On 4th May 2012, Adam Yauch, known to you and me as “MCA”, passed away after succumbing to parotid cancer. It didn’t come out of the blue. He had revealed that he found a cancerous lump in 2009, but then there was hope that all would be okay. Everyone wanted it to be. I know I did. So it was sad and definitely a shock when I saw the headline on Ceefax, of all things, that he died. Before then, I hadn’t listened through a full Beastie Boys album. So one of the first things I did to commemorate the man who was MCA, was listen to Hello Nasty. I then uploaded the album, in sections, to YouTube. Just felt like the right thing to do. Why Hello Nasty? Well, I think I had ‘Intergalactic’ as a song by itself in my iTunes library, and I knew ‘Body Movin” and ‘Three MC’s and One DJ’ from seeing their videos on the TV. All three are on the LP. So I thought, “Might as well listen to the whole set.”
‘Super Disco Breakin” is the first song on Hello Nasty. To get things off to a grand opening, there’s what I think is a nod to the Beatles’‘Back in the U.S.S.R.’ nod, with the first sound the listener hears being one of an airplane taking off. The instrumental hook, a synth or sample – I’m not sure, gets going amidst some random record scratches. In the background, MCA utters the words, “Yeah… Get down,” before the kick drum starts thumping and Ad-Rock properly gets things rolling with the great first line, “Well, it’s 50 cups of coffee and you know it’s on”, accompanied by Mike D and MCA on certain words for added effect. When Hello Nasty was released in July 1998, it had been four years of waiting for a new studio Beastie Boys album. And I think the only way to think of ‘Super Disco Breakin” is as the introduction to this new offering to show that they were back. Almost half a decade as passed since their last LP, the three members were solidly in their 30s (well, Ad-Rock was 31), but they still had their infectious energy, their interplay, the respectively distinct vocals… the things we know and love the Beastie Boys for.

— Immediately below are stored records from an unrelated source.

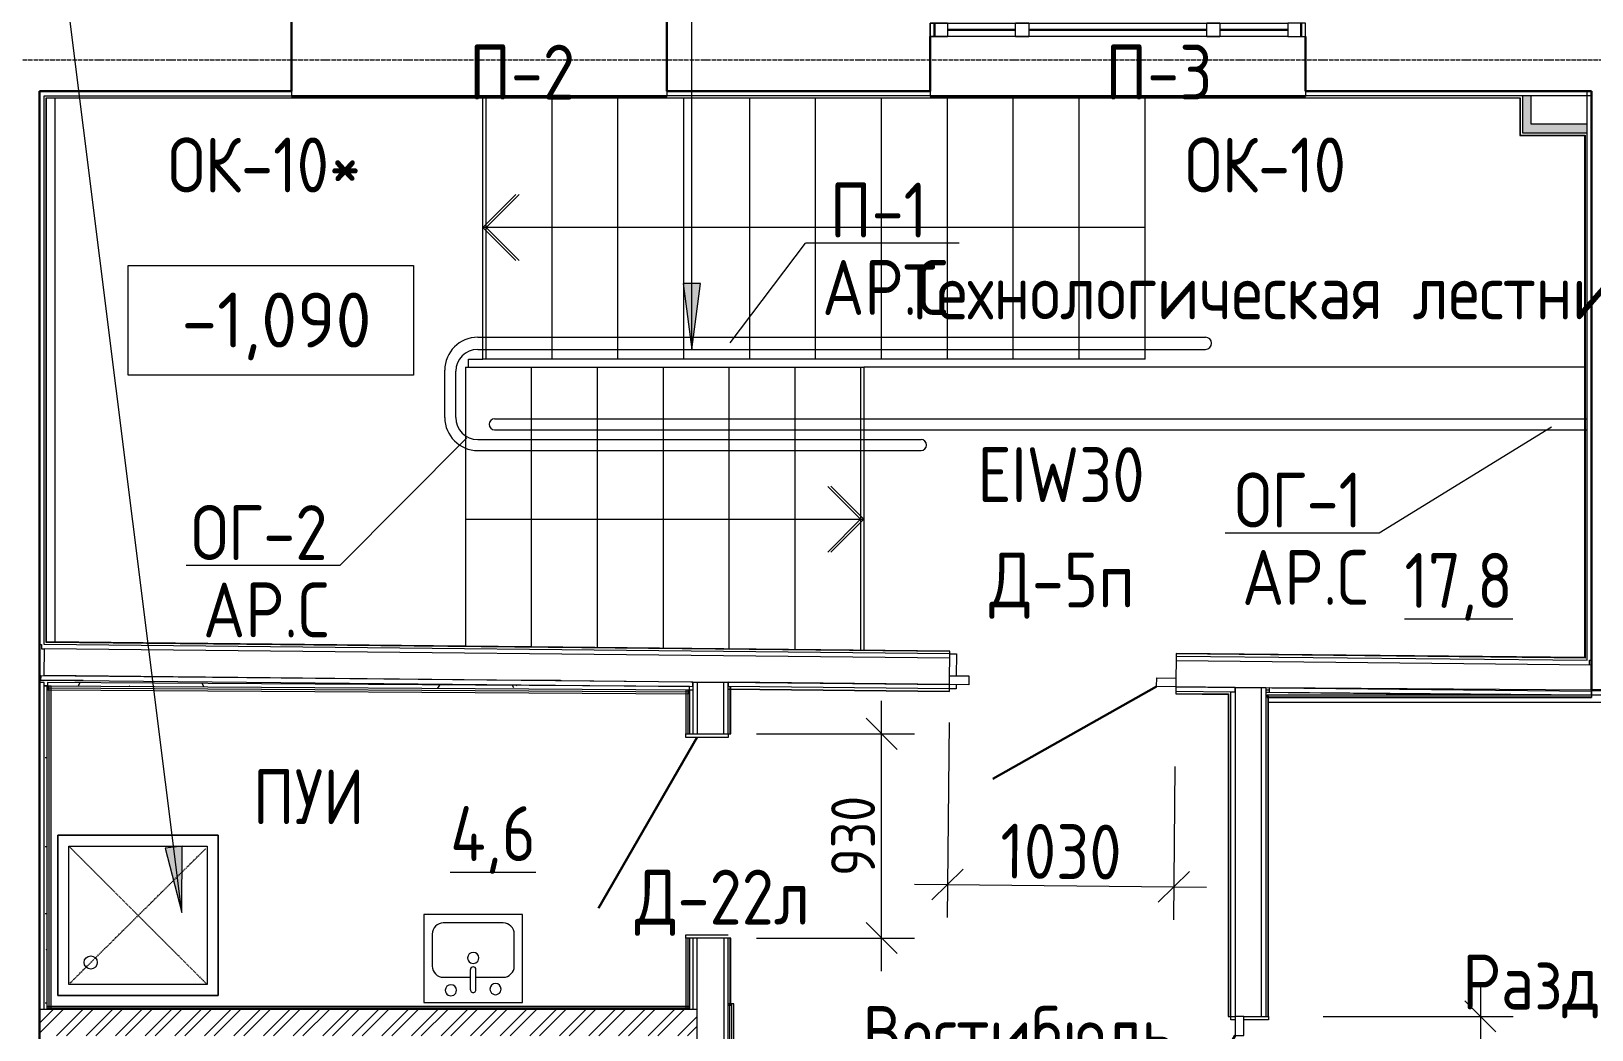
# Model space of a CAD drawing. Header units: millimetres. Extents: x 504091 to 2165846, y 135022 to 442887.
# Drawn here: x 1410857 to 1417963, y 320650 to 325197 of the extents above; entities that cross this region are included whole.
import ezdxf

# ---------------------------------------------------------------- set-up
doc = ezdxf.new("R2010")
doc.units = ezdxf.units.MM
for name, pattern in [('ADSK_Линия сетки', [25, 20, -2.5, 0, -2.5]), ('ADSK_Штрихпунктирная 2 точки_ш15 п1_5 п1_5 п1_5', [19.5, 15, -1.5, 0, -1.5, 0, -1.5]), ('Hidden', [7.14375, 4.7625, -2.38125]), ('осеваяX2', [4, 2.5, -0.5, 0.5, -0.5])]:
    doc.linetypes.add(name, pattern=pattern)
doc.layers.get('Defpoints').update_dxf_attribs({"color": 255})
for name, color, linetype, lineweight in [('_ Окна', 7, 'Continuous', 30), ('Аннотация', 7, 'Continuous', 9), ('Двери', 7, 'Continuous', 20), ('Лестницы', 7, 'Continuous', 18), ('Марки дверей', 7, 'Continuous', 20), ('Марки окон', 7, 'Continuous', 20), ('Марки помещений', 7, 'Continuous', 20), ('Окна', 7, 'Continuous', 18), ('Оси', 165, 'осеваяX2', 13), ('отметки', 7, 'Continuous', 20), ('Перекрытие', 7, 'Continuous', 18), ('размеры', 7, 'Continuous', 9), ('Сантехника', 7, 'Continuous', 18), ('Стены внутренние', 7, 'Continuous', 18), ('Стены наружные', 7, 'Continuous', 18), ('Стены несущие', 7, 'Continuous', 30), ('Стены отделка', 7, 'Continuous', 30), ('Стены перегородки', 7, 'Continuous', 30), ('Стены штриховка', 7, 'Continuous', 18), ('Стрелки вверх', 7, 'Continuous', 18)]:
    doc.layers.add(name, color=color, linetype=linetype, lineweight=lineweight)
doc.layers.add('Линии', color=7, linetype='Continuous', lineweight=9, true_color=0x00a600)
doc.styles.add('GOST Common_1', font='GOST_Common.ttf', dxfattribs={"width": 0.9, "height": 250})
doc.styles.add('GOST Common_2', font='GOST_Common.ttf', dxfattribs={"width": 0.9, "height": 200})
doc.styles.add('GOST Common_3', font='GOST_Common.ttf', dxfattribs={"height": 250})
doc.styles.add('GOST Common_4', font='GOST_Common.ttf', dxfattribs={"width": 0.9, "height": 200})
doc.dimstyles.new('ADSK_Основной_2_5_мм_Округление_до_1_мм', dxfattribs={"dimscale": 304.8, "dimtxt": 251.428749, "dimasz": 0.463911, "dimexe": 0.492126, "dimexo": 0.492126, "dimgap": 0.098425, "dimtad": 1, "dimdec": 0, "dimdsep": 46, "dimtxsty": 'GOST Common_1', "dimblk1": 'OBLIQUE', "dimblk2": 'OBLIQUE', "dimsah": 1, "dimcen": 0.09, "dimdle": 0.492126, "dimazin": 2, "dimtfac": 1, "dimtdec": 4, "dimtix": 1, "dimtmove": 0, "dimatfit": 3, "dimfxl": 0, "dimtvp": 1, "dimtolj": 1, "dimtzin": 0, "dimlwd": 20, "dimlwe": 20, "dimarcsym": 0})
doc.dimstyles.new('ADSK_Основной_2_мм', dxfattribs={"dimscale": 304.8, "dimtxt": 201.142999, "dimasz": 0.463911, "dimexe": 0.492126, "dimexo": 0.492126, "dimgap": 0.098425, "dimtad": 1, "dimrnd": 0.01, "dimdsep": 46, "dimtxsty": 'GOST Common_4', "dimblk1": 'OBLIQUE', "dimblk2": 'OBLIQUE', "dimsah": 1, "dimcen": 0.09, "dimdle": 0.492126, "dimazin": 2, "dimtfac": 1, "dimtdec": 4, "dimtix": 1, "dimtmove": 0, "dimatfit": 3, "dimfxl": 0, "dimtvp": 1, "dimtolj": 1, "dimtzin": 0, "dimlwd": 20, "dimlwe": 20, "dimarcsym": 0})
pattern_1 = [(0, (1400150.29, 304821.34), (406.4, 101.6), [33.528, -271.272, 33.528, -271.272, -1625.6]), (0, (1400150.29, 304821.34), (406.4, 101.6), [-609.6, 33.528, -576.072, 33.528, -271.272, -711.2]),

And those aspects are all showcased in the two short minutes of the song’s duration. The trio are completing each other’s lines within the first few moments, going back and forth between words, while a hectic, bustling beat carries on in the background. The way the lyrics bounce from one rapper to the next, panning around the stereo setup in the process, you never know which way to look or where things are going to end up. But what counts is the immense sense of fun you can tell the trio are having just by performing. In addition, there are little vocal samples and splices added in to fill in the emptier spaces which are very cool. One notable example is the split-second Run-D.M.C. vocal from that group’s tune ‘Sucker MC’s’. After the second and final iteration of the chorus, more samples enter the mix shouting out the city of Manhattan – one from a Kool Moe Dee and Busy Bee tape, and another unconfirmed. It’s just cool the way the word ‘Manhattan’ is blurred and mixed in with the record scratches. Someone asks “What’s up?” at the song’s very end, a straight cut to silence occurs. A great statement to start an album off with.